### RECORDS TO PROCESS
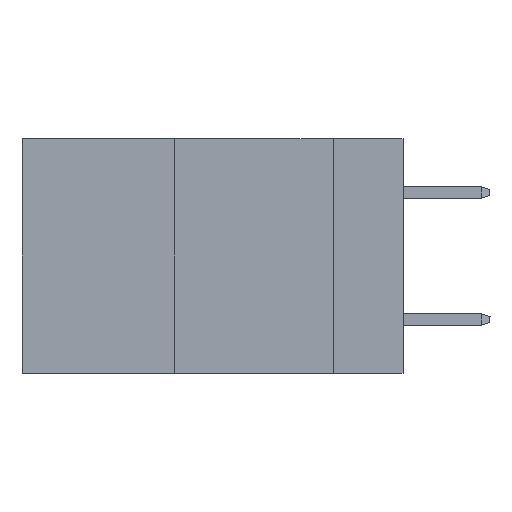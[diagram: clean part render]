
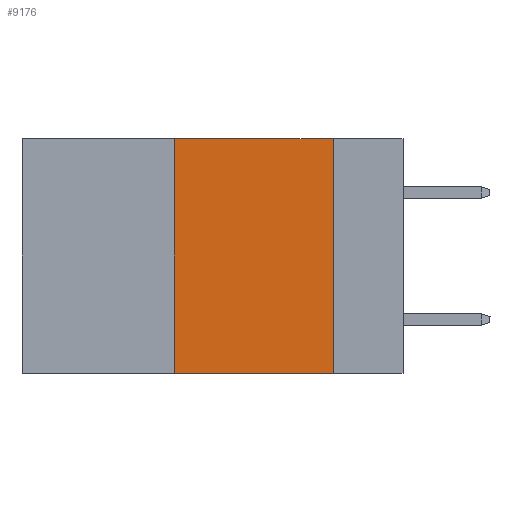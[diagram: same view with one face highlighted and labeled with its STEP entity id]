
A CAD part, left-side view. The second image highlights one B-rep face of the part: STEP entity #9176.
In plain terms, the highlighted planar face has unit normal (-1, 0, 0).
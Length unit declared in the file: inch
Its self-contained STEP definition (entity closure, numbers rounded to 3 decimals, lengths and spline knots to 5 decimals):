
#352 = EDGE_LOOP ( 'NONE', ( #8216, #13763, #18213, #13161 ) ) ;
#621 = VECTOR ( 'NONE', #6828, 39.37008 ) ;
#715 = VERTEX_POINT ( 'NONE', #14405 ) ;
#850 = CARTESIAN_POINT ( 'NONE',  ( 0., 0.36, 0. ) ) ;
#3384 = VERTEX_POINT ( 'NONE', #14205 ) ;
#3526 = LINE ( 'NONE', #5104, #621 ) ;
#3717 = EDGE_CURVE ( 'NONE', #715, #8047, #15227, .T. ) ;
#4936 = FACE_OUTER_BOUND ( 'NONE', #352, .T. ) ;
#5104 = CARTESIAN_POINT ( 'NONE',  ( 0., 0.6, -0.37 ) ) ;
#5511 = EDGE_CURVE ( 'NONE', #3384, #13429, #17317, .T. ) ;
#6020 = CARTESIAN_POINT ( 'NONE',  ( 0., 0.11, 0. ) ) ;
#6172 = DIRECTION ( 'NONE',  ( 1., 0., 0. ) ) ;
#6425 = AXIS2_PLACEMENT_3D ( 'NONE', #15168, #6172, #10814 ) ;
#6494 = EDGE_CURVE ( 'NONE', #8047, #3384, #17618, .T. ) ;
#6828 = DIRECTION ( 'NONE',  ( 0., -1., 0. ) ) ;
#7124 = VECTOR ( 'NONE', #13057, 39.37008 ) ;
#7723 = VECTOR ( 'NONE', #12082, 39.37008 ) ;
#8047 = VERTEX_POINT ( 'NONE', #850 ) ;
#8216 = ORIENTED_EDGE ( 'NONE', *, *, #5511, .F. ) ;
#8803 = CARTESIAN_POINT ( 'NONE',  ( 0., 0.6, 0. ) ) ;
#9176 = ADVANCED_FACE ( 'NONE', ( #4936 ), #16394, .F. ) ;
#9452 = CARTESIAN_POINT ( 'NONE',  ( 0., 0.36, 0. ) ) ;
#10814 = DIRECTION ( 'NONE',  ( 0., 0., -1. ) ) ;
#10953 = VECTOR ( 'NONE', #18746, 39.37008 ) ;
#12082 = DIRECTION ( 'NONE',  ( 0., 0., 1. ) ) ;
#12588 = EDGE_CURVE ( 'NONE', #715, #13429, #3526, .T. ) ;
#13057 = DIRECTION ( 'NONE',  ( 0., -1., 0. ) ) ;
#13161 = ORIENTED_EDGE ( 'NONE', *, *, #12588, .T. ) ;
#13429 = VERTEX_POINT ( 'NONE', #17102 ) ;
#13763 = ORIENTED_EDGE ( 'NONE', *, *, #6494, .F. ) ;
#14205 = CARTESIAN_POINT ( 'NONE',  ( 0., 0.11, 0. ) ) ;
#14405 = CARTESIAN_POINT ( 'NONE',  ( 0., 0.36, -0.37 ) ) ;
#15168 = CARTESIAN_POINT ( 'NONE',  ( 0., 0.6, 0. ) ) ;
#15227 = LINE ( 'NONE', #9452, #7723 ) ;
#16394 = PLANE ( 'NONE',  #6425 ) ;
#17102 = CARTESIAN_POINT ( 'NONE',  ( 0., 0.11, -0.37 ) ) ;
#17317 = LINE ( 'NONE', #6020, #10953 ) ;
#17618 = LINE ( 'NONE', #8803, #7124 ) ;
#18213 = ORIENTED_EDGE ( 'NONE', *, *, #3717, .F. ) ;
#18746 = DIRECTION ( 'NONE',  ( 0., 0., -1. ) ) ;

### WORK INSTRUCTIONS
Pictures stay out; reproduce every line of the records exactly.

### SOLVED EXERCISE
[diagram: clean part render]
[diagram: same view with one face highlighted and labeled with its STEP entity id]
A CAD part, left-side view. The second image highlights one B-rep face of the part: STEP entity #9176.
In plain terms, the highlighted planar face has unit normal (-1, 0, 0).
Length unit declared in the file: inch
Its self-contained STEP definition (entity closure, numbers rounded to 3 decimals, lengths and spline knots to 5 decimals):
#352 = EDGE_LOOP ( 'NONE', ( #8216, #13763, #18213, #13161 ) ) ;
#621 = VECTOR ( 'NONE', #6828, 39.37008 ) ;
#715 = VERTEX_POINT ( 'NONE', #14405 ) ;
#850 = CARTESIAN_POINT ( 'NONE',  ( 0., 0.36, 0. ) ) ;
#3384 = VERTEX_POINT ( 'NONE', #14205 ) ;
#3526 = LINE ( 'NONE', #5104, #621 ) ;
#3717 = EDGE_CURVE ( 'NONE', #715, #8047, #15227, .T. ) ;
#4936 = FACE_OUTER_BOUND ( 'NONE', #352, .T. ) ;
#5104 = CARTESIAN_POINT ( 'NONE',  ( 0., 0.6, -0.37 ) ) ;
#5511 = EDGE_CURVE ( 'NONE', #3384, #13429, #17317, .T. ) ;
#6020 = CARTESIAN_POINT ( 'NONE',  ( 0., 0.11, 0. ) ) ;
#6172 = DIRECTION ( 'NONE',  ( 1., 0., 0. ) ) ;
#6425 = AXIS2_PLACEMENT_3D ( 'NONE', #15168, #6172, #10814 ) ;
#6494 = EDGE_CURVE ( 'NONE', #8047, #3384, #17618, .T. ) ;
#6828 = DIRECTION ( 'NONE',  ( 0., -1., 0. ) ) ;
#7124 = VECTOR ( 'NONE', #13057, 39.37008 ) ;
#7723 = VECTOR ( 'NONE', #12082, 39.37008 ) ;
#8047 = VERTEX_POINT ( 'NONE', #850 ) ;
#8216 = ORIENTED_EDGE ( 'NONE', *, *, #5511, .F. ) ;
#8803 = CARTESIAN_POINT ( 'NONE',  ( 0., 0.6, 0. ) ) ;
#9176 = ADVANCED_FACE ( 'NONE', ( #4936 ), #16394, .F. ) ;
#9452 = CARTESIAN_POINT ( 'NONE',  ( 0., 0.36, 0. ) ) ;
#10814 = DIRECTION ( 'NONE',  ( 0., 0., -1. ) ) ;
#10953 = VECTOR ( 'NONE', #18746, 39.37008 ) ;
#12082 = DIRECTION ( 'NONE',  ( 0., 0., 1. ) ) ;
#12588 = EDGE_CURVE ( 'NONE', #715, #13429, #3526, .T. ) ;
#13057 = DIRECTION ( 'NONE',  ( 0., -1., 0. ) ) ;
#13161 = ORIENTED_EDGE ( 'NONE', *, *, #12588, .T. ) ;
#13429 = VERTEX_POINT ( 'NONE', #17102 ) ;
#13763 = ORIENTED_EDGE ( 'NONE', *, *, #6494, .F. ) ;
#14205 = CARTESIAN_POINT ( 'NONE',  ( 0., 0.11, 0. ) ) ;
#14405 = CARTESIAN_POINT ( 'NONE',  ( 0., 0.36, -0.37 ) ) ;
#15168 = CARTESIAN_POINT ( 'NONE',  ( 0., 0.6, 0. ) ) ;
#15227 = LINE ( 'NONE', #9452, #7723 ) ;
#16394 = PLANE ( 'NONE',  #6425 ) ;
#17102 = CARTESIAN_POINT ( 'NONE',  ( 0., 0.11, -0.37 ) ) ;
#17317 = LINE ( 'NONE', #6020, #10953 ) ;
#17618 = LINE ( 'NONE', #8803, #7124 ) ;
#18213 = ORIENTED_EDGE ( 'NONE', *, *, #3717, .F. ) ;
#18746 = DIRECTION ( 'NONE',  ( 0., 0., -1. ) ) ;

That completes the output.